◆ Task
Where does the word "signals" show up in the records? Copy every line that holds it.

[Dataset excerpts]
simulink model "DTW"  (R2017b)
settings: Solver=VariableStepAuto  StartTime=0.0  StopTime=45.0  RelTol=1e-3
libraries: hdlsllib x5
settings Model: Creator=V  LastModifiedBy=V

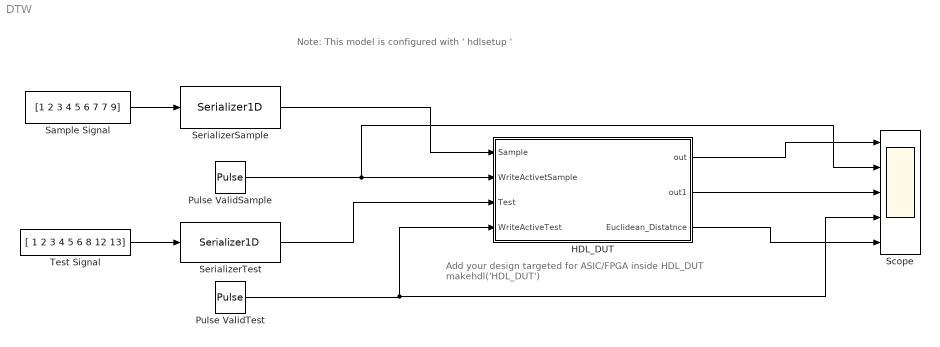
== system DTW ==
  note: Note: This model is configured with ' hdlsetup '
  note: Add your design targeted for ASIC/FPGA inside HDL_DUT
      | makehdl('HDL_DUT')
  HDL_DUT : Subsystem
  Pulse ValidSample : DiscretePulseGenerator
  Pulse ValidTest : DiscretePulseGenerator
  Sample Signal : Constant  Value=[1 2 3 4 5 6 7 7 9]  OutDataTypeStr=int16  SampleTime=1
  Scope : Scope  NumInputPorts=5
  "SerializerSample " : hdlsllib/HDL Operations/Serializer1D  Ratio=9  IdleCycles=0  validIn=off  startOut=off  validOut=off  inputDataDimensions=-1  inputSampleTime=-1  inputSignalType=auto
      settings: SourceProductName=HDL Coder  SourceProductBaseCode=HD
  "SerializerTest " : hdlsllib/HDL Operations/Serializer1D  Ratio=9  IdleCycles=0  validIn=off  startOut=off  validOut=off  inputDataDimensions=-1  inputSampleTime=-1  inputSignalType=auto
      settings: SourceProductName=HDL Coder  SourceProductBaseCode=HD
  Test Signal : Constant  Value=[ 1 2 3 4 5 6 8 12 13]  OutDataTypeStr=int16  SampleTime=1
  wires:
  Pulse ValidSample/1 -> Scope/2, HDL_DUT/2(WriteActivetSample)
  "SerializerSample "/1 -> HDL_DUT/1("Sample ")
  Sample Signal/1 -> "SerializerSample "/1
  Pulse ValidTest/1 -> Scope/4, HDL_DUT/4(WriteActiveTest)
  HDL_DUT/1(out) -> Scope/1
  "SerializerTest "/1 -> HDL_DUT/3(Test)
  HDL_DUT/2(out1) -> Scope/3
  Test Signal/1 -> "SerializerTest "/1
  HDL_DUT/3("Euclidean_Distatnce ") -> Scope/5

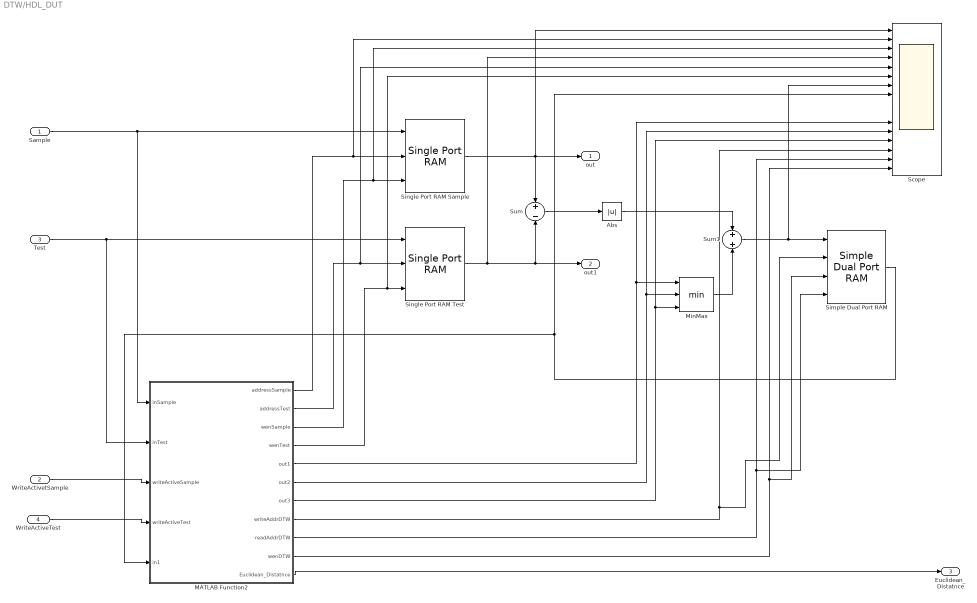
== system DTW/HDL_DUT ==
  "Sample " : Inport  Description=Sample
  WriteActivetSample : Inport  Port=2
  Test : Inport  Port=3
  WriteActiveTest : Inport  Port=4
  Abs : Abs  OutDataTypeStr=uint8
  MATLAB Function2 : MATLAB Function  TreatAsAtomicUnit=on
  MinMax : MinMax  Inputs=3  OutDataTypeStr=uint8
  Scope : Scope  NumInputPorts=16
  Simple Dual Port RAM : hdlsllib/HDL RAMs/Simple Dual Port RAM  ram_size=16
      settings: SourceProductName=HDL Coder  SourceProductBaseCode=HD
  Single Port RAM Sample : hdlsllib/HDL RAMs/Single Port RAM  ram_size=16  dout_type=New data
      settings: SourceProductName=HDL Coder  SourceProductBaseCode=HD
  "Single Port RAM Test " : hdlsllib/HDL RAMs/Single Port RAM  ram_size=16  dout_type=New data
      settings: SourceProductName=HDL Coder  SourceProductBaseCode=HD
  Sum : Sum  Inputs=+-  OutDataTypeStr=int8  SaturateOnIntegerOverflow=on
  Sum1 : Sum  SaturateOnIntegerOverflow=on
  out : Outport
  out1 : Outport  Port=2
  "Euclidean_Distatnce " : Outport  Port=3
  wires:
  MATLAB Function2/7(out3) -> Scope/13, MinMax/3
  Simple Dual Port RAM/1 -> Scope/8, MATLAB Function2/5(in1)
  "Single Port RAM Test "/1 -> Scope/4, out1/1, Sum/2
  WriteActivetSample/1 -> MATLAB Function2/3(writeActiveSample)
  MATLAB Function2/6(out2) -> Scope/12, MinMax/2
  MATLAB Function2/1(addressSample) -> Scope/2, Single Port RAM Sample/2
  MATLAB Function2/9(readAddrDTW) -> Scope/15, Simple Dual Port RAM/4
  Test/1 -> MATLAB Function2/2(inTest), "Single Port RAM Test "/1
  MATLAB Function2/5(out1) -> MinMax/1, Scope/11
  MinMax/1 -> Sum1/2
  MATLAB Function2/8(writeAddrDTW) -> Scope/14, Simple Dual Port RAM/2
  MATLAB Function2/10(wenDTW) -> Scope/16, Simple Dual Port RAM/3
  Sum/1 -> Abs/1
  Sum1/1 -> Scope/7, Simple Dual Port RAM/1
  MATLAB Function2/11(Euclidean_Distatnce) -> "Euclidean_Distatnce "/1
  MATLAB Function2/3(wenSample) -> Scope/3, Single Port RAM Sample/3
  MATLAB Function2/4(wenTest) -> Scope/6, "Single Port RAM Test "/3
  WriteActiveTest/1 -> MATLAB Function2/4(writeActiveTest)
  "Sample "/1 -> Single Port RAM Sample/1, MATLAB Function2/1(inSample)
  Abs/1 -> Sum1/1
  Single Port RAM Sample/1 -> Scope/1, out/1, Sum/1
  MATLAB Function2/2(addressTest) -> Scope/5, "Single Port RAM Test "/2

== matlab function DTW/HDL_DUT/MATLAB Function2 ==
  data: inSample input; inTest input; writeActiveSample input; writeActiveTest input; addressSample output uint16; addressTest output uint16; wenSample output; wenTest output; in1 input; out1 output; out2 output; out3 output; writeAddrDTW output; readAddrDTW output; wenDTW output; Euclidean_Distatnce output
function [addressSample, addressTest, wenSample , wenTest ,out1 , out2 , out3, writeAddrDTW, readAddrDTW, wenDTW, Euclidean_Distatnce]= fcn(inSample, inTest, writeActiveSample , writeActiveTest, in1)
 persistent addrSample;
 persistent addrTest; 
 persistent calcStart;    %% a flag, when receiving input signals completed, it will be = 1
 persistent wenTestPer;
 persistent wenSamplePer;
 persistent writeSampleFinish;
 persistent writeTestFinish;
 persistent flagNextRow;
 persistent validCalcPer; 
 persistent writeAddr; 
 persistent readAddr;
 persistent temp1;
 persistent temp2;
 persistent temp3;
 persistent wen;
 persistent Euclidean_DistatncePer;
 persistent startWrite;
 persistent startRead;
 persistent count;
 persistent validTemp;
 persistent validMin;
 persistent readNextPer;
 persistent numTest;
 persistent numSample;
 persistent numDTWMatrix; 
 persistent writeSampleHasRun;
 persistent writeTestHasRun;
 persistent validTest;
 persistent validSample;
 if isempty(numDTWMatrix)
      numDTWMatrix= ufi(0,16,0);
 end
 if isempty(validTest)
      validTest= ufi(0,1,0);
 end
 if isempty(validSample)
      validSample= ufi(0,1,0);
 end
 if isempty(writeSampleHasRun)
      writeSampleHasRun= ufi(0,1,0);
 end
  if isempty(writeTestHasRun)
      writeTestHasRun= ufi(0,1,0);
  end
  if isempty(writeSampleFinish)
      writeSampleFinish= ufi(0,1,0);
  end
  if isempty(writeTestFinish)
      writeTestFinish=ufi(0,1,0);
  end
  if isempty(wenTestPer)
      wenTestPer=ufi(0,1,0);
  end
  if isempty(wenSamplePer)
      wenSamplePer=ufi(0,1,0);
  end
  if isempty(calcStart)
      calcStart=ufi(0,1,0);
  end
  if isempty(addrSample)
      addrSample=ufi(0,16,0);
  end
  if isempty(addrTest)
      addrTest=ufi(0,16,0);
  end
  if isempty(flagNextRow)
      flagNextRow= ufi(0,1,0);
  end
  if isempty(validCalcPer)
      validCalcPer= ufi(0,1,0);
  end
  if isempty(writeAddr)        %% ----------  initializing persitents
      writeAddr= ufi(0,16,0);
  end
  if isempty(readAddr)
      readAddr= ufi(0,16,0);
  end
  if isempty(temp1)
      temp1= sfi(0,16,0);
  end
  if isempty(temp2)
      temp2= sfi(0,16,0);
  end
  if isempty(temp3)
      temp3= sfi(0,16,0);
  end
  if isempty(wen)
      wen= ufi(0,1,0);
  end
  if isempty(Euclidean_DistatncePer)
      Euclidean_DistatncePer= sfi(0,16,0);
  end
  if isempty(startWrite)
      startWrite= ufi(0,1,0);
  end
  if isempty(startRead)
      startRead= ufi(0,1,0);
  end
  if isempty(count)
      count= ufi(0,16,0);
  end
  if isempty(validTemp)
      validTemp= ufi(0,1,0);
  end
  if isempty(validMin)
      validMin= ufi(0,1,0);
  end
   if isempty(readNextPer)
      readNextPer= ufi(0,1,0);
   end
   if isempty(numSample)
      numSample= ufi(0,16,0);
   end
   if isempty(numTest)
      numTest= ufi(0,16,0);
   end
%----------------------------------------------------- Sample and Test block
 %%%---------------------------------------  Start Reading Test & sample
  %%%Matrix elements
  if(readNextPer)  %% inja  writeTestFinish && writeSampleFinish &&
      readNextPer = ufi(0,1,0);
      validCalcPer = ufi(1,1,0);
     if(addrTest < uint16(numTest+1))      
        addrTest = ufi(addrTest +1,16,0);  
     end
     if(addrTest == uint16(numTest+1))
        addrTest = ufi(1,16,0);   
        flagNextRow = ufi (1,1,0);
     end     
      
     if(flagNextRow && addrSample < uint16(numSample+1)) 
        addrSample = ufi(addrSample +1,16,0); 
        flagNextRow = ufi(0,1,0);
     end
     if(addrSample == uint16(numSample+1))
        addrSample = ufi(1,16,0);    
     end   
     
  end 

   %%------------------- writing Test and sample signals into Sample and Test Rams  
   %%--------------------  Sample:
  if(writeActiveSample && writeSampleFinish == 0)
      writeSampleHasRun = ufi(1,1,0);
    if(inSample > int16(2))                          % threshold for removing silence
        addrSample = ufi( addrSample + 1 , 16 , 0);
        wenSamplePer=ufi(1,1,0);
    else
        wenSamplePer=ufi(0,1,0);                 
    end    
  end
  
  if(writeSampleHasRun && writeActiveSample == 0)
     writeSampleHasRun=ufi(0,1,0);
     writeSampleFinish = ufi(1,1,0);
     wenSamplePer= ufi(0,1,0);
     numSample = ufi(addrSample ,16 ,0);
     addrSample = ufi(1 ,16 ,0);
     validSample = ufi(1,1,0);
  end
%%-------------------------------------------  Test:
  if(writeActiveTest && writeTestFinish == 0)
    writeTestHasRun = ufi(1,1,0); 
    if(inTest > int16(2))
        addrTest = ufi( addrTest +1 , 16 ,0); 
        wenTestPer = ufi(1,1,0);
    else
        wenTestPer = ufi(0,1,0);
    end   
  end
  
  if(writeTestHasRun && writeActiveTest == 0)
      writeTestHasRun=ufi(0,1,0);
      writeTestFinish=ufi(1,1,0);
      wenTestPer = ufi(0,1,0);
      numTest=ufi(addrTest,16,0);
      addrTest = ufi( 1,16,0); 
      validTest=ufi(1,1,0);
  end
 %%--------------------------------------- finish receiving Test and Sample 
  if(validTest && validSample)
      validTest=ufi(0,1,0);
      validSample=ufi(0,1,0);
      numDTWMatrix = ufi( (numTest*numSample),16,0);
      validCalcPer = ufi(1,1,0);  
  end
  
  if(writeTestFinish)
      wenTestPer = ufi(0,1,0);
  end
  if(writeSampleFinish)
      wenSamplePer= ufi(0,1,0);
  end 
 
  
% ------------------------------------------ Start Calculating DTW Ram
  if(validCalcPer)
    validCalcPer = ufi(0,1,0);
    startRead = ufi(1,1,0);
  end

  if(wen && writeAddr < uint16(numDTWMatrix) )      %%--------------------------  writing Block 
      readNextPer = ufi(1,1,0);
      wen = ufi(0,1,0);
      writeAddr = ufi(writeAddr+1 , 16 ,0);
  elseif(writeAddr == uint16(numDTWMatrix))
     readAddr = ufi(numDTWMatrix-1 ,16,0);
     wen = ufi(0,1,0);
     Euclidean_DistatncePer = sfi(in1,16,0);
  end
  
  if(validMin)
      validMin = ufi(0,1,0);
      wen = ufi(1,1,0); 
  end
  
    if(validTemp) 
       startRead = ufi(0,1,0);
       validTemp = ufi(0,1,0);
      if(addrSample == uint16(1))
          if(addrTest== uint16(1))
             temp1 = sfi(0,16,0);
             temp2 = sfi(100,16,0);
             temp3 = sfi(100,16,0);
             validMin = ufi(1,1,0);
          else
             temp1 = sfi(100,16,0);
             temp2 = sfi(100,16,0);
             validMin = ufi(1,1,0);
          end  
          
      else
          if(addrTest == uint8(1))
             temp1 = sfi(100,16,0);
             temp3 = sfi(100,16,0);
             validMin = ufi(1,1,0);
          else
             validMin = ufi(1,1,0);
          end       
      end  
   end 
  
    if(startRead && writeAddr < uint16(numDTWMatrix))    %% --------------- reading block
        if(count==uint16(0))
            count = ufi(count + 1 ,16 ,0);
            readAddr = ufi(writeAddr-1,16,0);
        elseif(count == uint16(1))
             temp3= sfi(in1,16,0);
             count = ufi(count + 1 ,16 ,0);
             readAddr = ufi(readAddr - numTest+1 , 16, 0);
        elseif(count == uint16(2))
            temp2= sfi(in1,16,0);
            count = ufi(count + 1 ,16 ,0);
            readAddr = ufi(readAddr - 1 , 16, 0);
        elseif(count == uint16(3))
            temp1= sfi(in1,16,0);
            count = ufi(0,16,0);
            validTemp = ufi(1,1,0);
        end    
    end     
  
 
 addressSample = uint16(addrSample);
 addressTest = uint16(addrTest);
 wenSample = logical(wenSamplePer);
 wenTest = logical(wenTestPer);
 out1 = int16(temp1);
 out2 = int16(temp2);
 out3 = int16(temp3);
 writeAddrDTW = uint16(writeAddr);
 readAddrDTW = uint16(readAddr);
 wenDTW = logical(wen);
 Euclidean_Distatnce = int16(Euclidean_DistatncePer); 
end

◆ Reply
 persistent calcStart;    %% a flag, when receiving input signals completed, it will be = 1
   %%------------------- writing Test and sample signals into Sample and Test Rams  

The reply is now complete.